*Task:* Go through the data and retrieve each line that includes the string "POST".

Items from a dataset
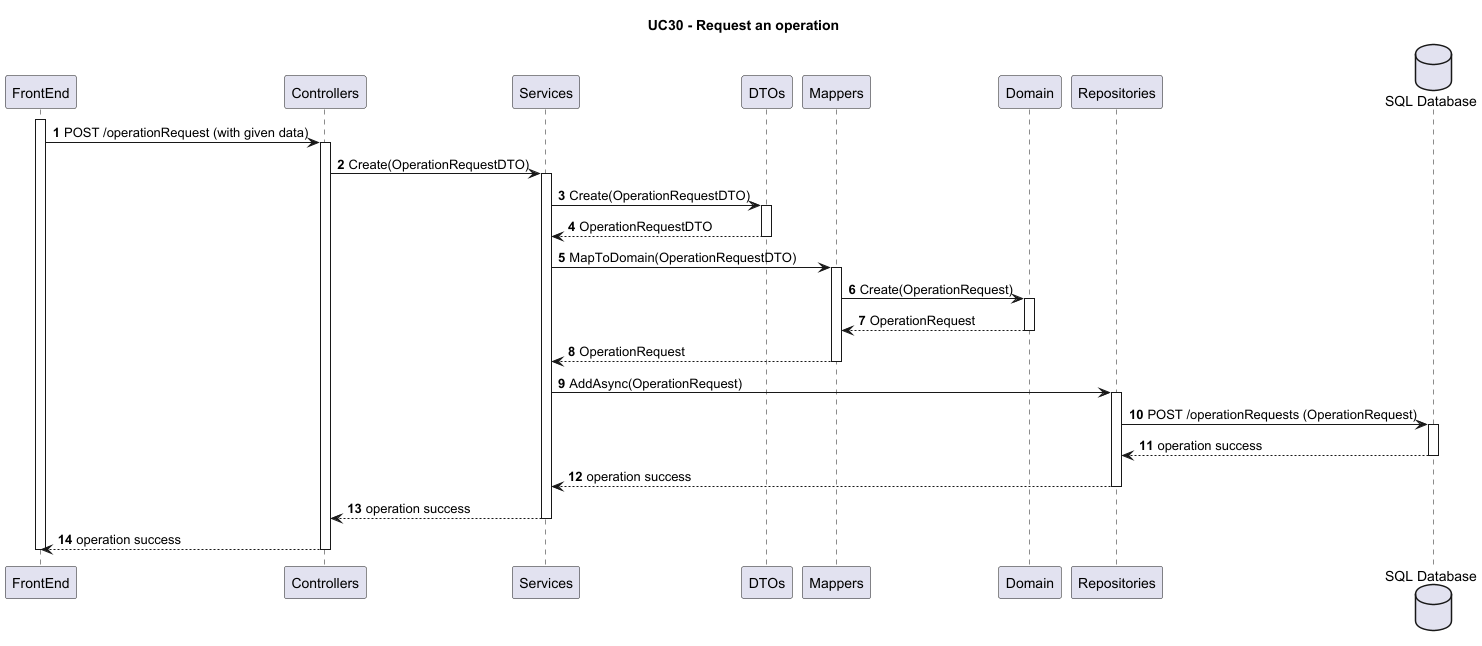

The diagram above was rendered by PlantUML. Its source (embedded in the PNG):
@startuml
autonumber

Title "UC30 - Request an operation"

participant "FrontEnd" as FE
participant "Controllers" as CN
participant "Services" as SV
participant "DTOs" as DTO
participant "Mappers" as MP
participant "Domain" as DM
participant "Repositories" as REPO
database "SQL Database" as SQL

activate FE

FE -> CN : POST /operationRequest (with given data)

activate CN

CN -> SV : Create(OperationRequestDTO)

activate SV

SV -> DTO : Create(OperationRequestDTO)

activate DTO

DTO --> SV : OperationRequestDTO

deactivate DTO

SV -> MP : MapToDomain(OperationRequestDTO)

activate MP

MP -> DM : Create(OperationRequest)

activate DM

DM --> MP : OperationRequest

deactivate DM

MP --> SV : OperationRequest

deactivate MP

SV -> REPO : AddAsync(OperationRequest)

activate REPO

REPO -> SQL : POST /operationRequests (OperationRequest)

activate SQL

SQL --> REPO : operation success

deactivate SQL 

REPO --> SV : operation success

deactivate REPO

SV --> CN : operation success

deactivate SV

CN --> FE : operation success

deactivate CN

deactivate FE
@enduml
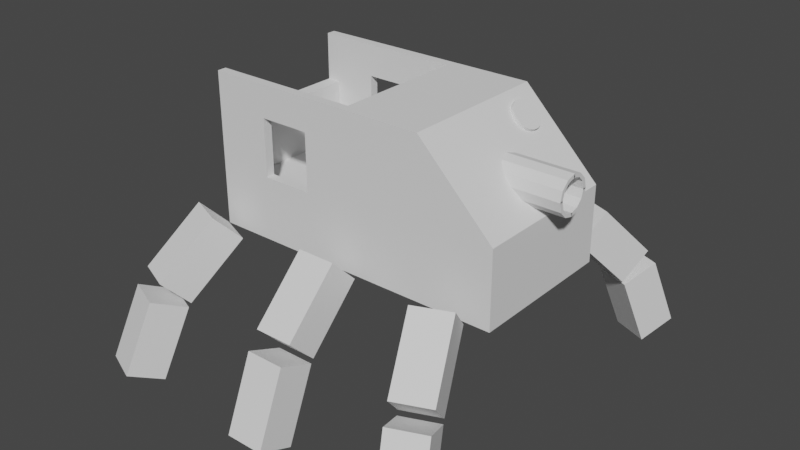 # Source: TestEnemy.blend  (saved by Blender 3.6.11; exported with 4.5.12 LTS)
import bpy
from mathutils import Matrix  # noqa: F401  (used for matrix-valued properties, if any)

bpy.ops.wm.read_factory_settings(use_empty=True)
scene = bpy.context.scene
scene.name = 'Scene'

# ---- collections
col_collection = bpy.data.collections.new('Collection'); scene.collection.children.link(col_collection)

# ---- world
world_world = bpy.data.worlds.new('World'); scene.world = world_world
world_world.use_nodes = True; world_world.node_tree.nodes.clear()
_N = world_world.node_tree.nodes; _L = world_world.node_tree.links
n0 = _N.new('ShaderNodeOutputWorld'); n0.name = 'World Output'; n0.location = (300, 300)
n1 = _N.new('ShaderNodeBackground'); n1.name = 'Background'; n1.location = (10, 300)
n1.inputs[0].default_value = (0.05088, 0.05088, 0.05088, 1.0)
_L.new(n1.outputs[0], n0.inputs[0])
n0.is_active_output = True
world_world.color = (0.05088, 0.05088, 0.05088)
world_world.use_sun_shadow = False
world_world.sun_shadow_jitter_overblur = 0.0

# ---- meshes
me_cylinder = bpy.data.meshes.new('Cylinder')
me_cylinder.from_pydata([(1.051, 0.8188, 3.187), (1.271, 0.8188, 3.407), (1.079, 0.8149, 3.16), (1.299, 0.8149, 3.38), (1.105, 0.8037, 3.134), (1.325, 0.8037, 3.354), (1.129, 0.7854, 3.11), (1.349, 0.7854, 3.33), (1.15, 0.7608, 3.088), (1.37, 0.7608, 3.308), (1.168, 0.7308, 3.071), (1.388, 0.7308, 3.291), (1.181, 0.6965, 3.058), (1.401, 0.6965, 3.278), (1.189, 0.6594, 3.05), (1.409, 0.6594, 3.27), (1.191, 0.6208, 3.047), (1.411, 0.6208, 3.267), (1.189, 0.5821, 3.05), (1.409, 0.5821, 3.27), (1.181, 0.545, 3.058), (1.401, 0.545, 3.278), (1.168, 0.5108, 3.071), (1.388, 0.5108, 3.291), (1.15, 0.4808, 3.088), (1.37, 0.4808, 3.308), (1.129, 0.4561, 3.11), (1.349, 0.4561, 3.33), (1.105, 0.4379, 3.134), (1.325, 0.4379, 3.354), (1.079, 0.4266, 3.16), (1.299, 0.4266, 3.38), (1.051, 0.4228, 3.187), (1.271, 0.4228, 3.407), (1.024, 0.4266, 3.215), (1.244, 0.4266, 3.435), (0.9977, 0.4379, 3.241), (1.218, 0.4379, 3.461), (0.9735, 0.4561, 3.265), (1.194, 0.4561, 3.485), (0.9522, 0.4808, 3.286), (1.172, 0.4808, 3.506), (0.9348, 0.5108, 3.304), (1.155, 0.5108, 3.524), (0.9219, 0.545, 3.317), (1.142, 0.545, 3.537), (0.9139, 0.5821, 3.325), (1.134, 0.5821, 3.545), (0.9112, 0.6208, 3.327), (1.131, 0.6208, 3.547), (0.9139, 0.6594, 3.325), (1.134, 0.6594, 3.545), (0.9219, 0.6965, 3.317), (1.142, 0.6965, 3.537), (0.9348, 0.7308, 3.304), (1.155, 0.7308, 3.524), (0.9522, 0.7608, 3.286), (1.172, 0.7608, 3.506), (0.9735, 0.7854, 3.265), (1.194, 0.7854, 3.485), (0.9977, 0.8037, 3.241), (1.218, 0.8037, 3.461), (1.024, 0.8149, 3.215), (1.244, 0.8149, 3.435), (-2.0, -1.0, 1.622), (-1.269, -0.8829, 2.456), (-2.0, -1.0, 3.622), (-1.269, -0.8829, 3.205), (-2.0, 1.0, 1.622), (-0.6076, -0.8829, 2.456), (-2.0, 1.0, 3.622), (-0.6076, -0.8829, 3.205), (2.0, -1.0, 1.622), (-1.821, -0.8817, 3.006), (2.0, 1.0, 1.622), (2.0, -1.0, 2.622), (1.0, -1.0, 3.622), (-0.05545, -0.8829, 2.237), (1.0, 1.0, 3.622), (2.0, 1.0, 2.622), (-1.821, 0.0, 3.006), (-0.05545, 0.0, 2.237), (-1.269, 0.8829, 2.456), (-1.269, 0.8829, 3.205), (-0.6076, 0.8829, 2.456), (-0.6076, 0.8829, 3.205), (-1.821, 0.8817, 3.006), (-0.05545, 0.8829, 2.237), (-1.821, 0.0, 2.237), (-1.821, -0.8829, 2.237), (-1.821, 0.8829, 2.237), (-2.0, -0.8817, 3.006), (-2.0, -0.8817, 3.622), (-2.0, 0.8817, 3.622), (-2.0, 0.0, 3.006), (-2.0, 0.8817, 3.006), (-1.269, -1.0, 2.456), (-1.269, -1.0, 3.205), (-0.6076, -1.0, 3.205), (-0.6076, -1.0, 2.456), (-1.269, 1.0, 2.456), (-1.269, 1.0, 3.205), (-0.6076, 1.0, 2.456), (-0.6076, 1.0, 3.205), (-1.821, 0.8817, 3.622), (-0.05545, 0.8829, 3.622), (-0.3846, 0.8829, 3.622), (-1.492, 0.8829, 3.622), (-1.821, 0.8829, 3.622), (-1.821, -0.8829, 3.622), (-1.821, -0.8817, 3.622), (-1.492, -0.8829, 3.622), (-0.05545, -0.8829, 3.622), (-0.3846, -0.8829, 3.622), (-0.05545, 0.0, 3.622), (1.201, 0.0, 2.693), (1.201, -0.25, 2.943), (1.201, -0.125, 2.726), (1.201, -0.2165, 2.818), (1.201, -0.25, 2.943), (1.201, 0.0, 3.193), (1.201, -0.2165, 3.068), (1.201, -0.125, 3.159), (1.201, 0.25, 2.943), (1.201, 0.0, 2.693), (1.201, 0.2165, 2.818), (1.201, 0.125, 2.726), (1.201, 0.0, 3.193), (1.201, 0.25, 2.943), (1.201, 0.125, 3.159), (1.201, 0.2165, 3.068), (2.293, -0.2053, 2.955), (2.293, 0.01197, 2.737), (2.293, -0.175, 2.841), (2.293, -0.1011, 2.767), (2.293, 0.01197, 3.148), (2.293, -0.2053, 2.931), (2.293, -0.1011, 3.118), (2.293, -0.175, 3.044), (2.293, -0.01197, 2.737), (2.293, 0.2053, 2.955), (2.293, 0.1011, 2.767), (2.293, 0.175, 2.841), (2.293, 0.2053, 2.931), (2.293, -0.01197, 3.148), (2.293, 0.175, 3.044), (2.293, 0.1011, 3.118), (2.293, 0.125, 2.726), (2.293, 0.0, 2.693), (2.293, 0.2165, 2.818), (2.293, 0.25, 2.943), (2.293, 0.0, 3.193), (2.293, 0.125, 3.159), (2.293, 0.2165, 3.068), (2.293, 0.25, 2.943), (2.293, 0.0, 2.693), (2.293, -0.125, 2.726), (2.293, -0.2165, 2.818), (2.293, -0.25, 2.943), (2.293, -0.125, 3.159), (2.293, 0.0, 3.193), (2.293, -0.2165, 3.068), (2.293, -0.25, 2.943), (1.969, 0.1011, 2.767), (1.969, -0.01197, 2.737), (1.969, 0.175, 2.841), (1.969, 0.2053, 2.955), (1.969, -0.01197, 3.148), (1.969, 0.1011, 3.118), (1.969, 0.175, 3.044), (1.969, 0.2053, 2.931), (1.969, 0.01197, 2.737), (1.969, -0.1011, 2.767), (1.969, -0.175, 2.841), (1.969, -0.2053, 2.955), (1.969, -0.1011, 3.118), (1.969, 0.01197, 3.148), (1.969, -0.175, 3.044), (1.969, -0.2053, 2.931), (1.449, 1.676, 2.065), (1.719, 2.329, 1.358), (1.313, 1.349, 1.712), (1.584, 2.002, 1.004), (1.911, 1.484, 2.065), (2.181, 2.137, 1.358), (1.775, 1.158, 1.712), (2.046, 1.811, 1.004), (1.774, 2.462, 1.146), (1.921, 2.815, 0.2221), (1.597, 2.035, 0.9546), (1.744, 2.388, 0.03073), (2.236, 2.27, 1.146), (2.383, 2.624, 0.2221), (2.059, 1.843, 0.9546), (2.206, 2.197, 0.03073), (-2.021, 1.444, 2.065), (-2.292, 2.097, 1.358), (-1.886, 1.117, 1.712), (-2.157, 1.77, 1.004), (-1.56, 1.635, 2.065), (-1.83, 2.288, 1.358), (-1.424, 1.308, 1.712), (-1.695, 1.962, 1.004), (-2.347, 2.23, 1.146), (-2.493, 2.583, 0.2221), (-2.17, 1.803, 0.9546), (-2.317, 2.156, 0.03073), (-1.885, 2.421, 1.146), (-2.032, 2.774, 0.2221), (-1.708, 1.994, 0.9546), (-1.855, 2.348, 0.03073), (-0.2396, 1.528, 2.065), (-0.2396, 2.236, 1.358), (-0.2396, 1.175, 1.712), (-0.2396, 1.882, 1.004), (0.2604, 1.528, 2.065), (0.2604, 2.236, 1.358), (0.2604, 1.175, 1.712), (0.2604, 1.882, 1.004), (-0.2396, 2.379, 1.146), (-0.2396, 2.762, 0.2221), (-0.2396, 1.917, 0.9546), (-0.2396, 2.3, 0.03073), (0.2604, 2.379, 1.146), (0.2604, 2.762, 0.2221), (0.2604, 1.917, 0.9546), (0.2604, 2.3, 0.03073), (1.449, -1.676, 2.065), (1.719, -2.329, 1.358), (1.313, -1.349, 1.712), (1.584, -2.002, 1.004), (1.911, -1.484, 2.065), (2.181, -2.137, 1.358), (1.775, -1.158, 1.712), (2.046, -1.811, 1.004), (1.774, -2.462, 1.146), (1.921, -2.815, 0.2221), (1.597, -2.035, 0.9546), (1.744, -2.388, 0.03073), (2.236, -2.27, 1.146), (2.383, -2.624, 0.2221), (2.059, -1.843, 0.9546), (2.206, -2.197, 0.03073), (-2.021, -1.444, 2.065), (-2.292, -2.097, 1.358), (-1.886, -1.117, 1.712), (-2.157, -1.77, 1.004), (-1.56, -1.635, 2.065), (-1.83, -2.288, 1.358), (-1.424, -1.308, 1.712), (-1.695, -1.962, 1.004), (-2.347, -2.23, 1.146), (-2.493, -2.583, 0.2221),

*Answer space:*
FE -> CN : POST /operationRequest (with given data)
REPO -> SQL : POST /operationRequests (OperationRequest)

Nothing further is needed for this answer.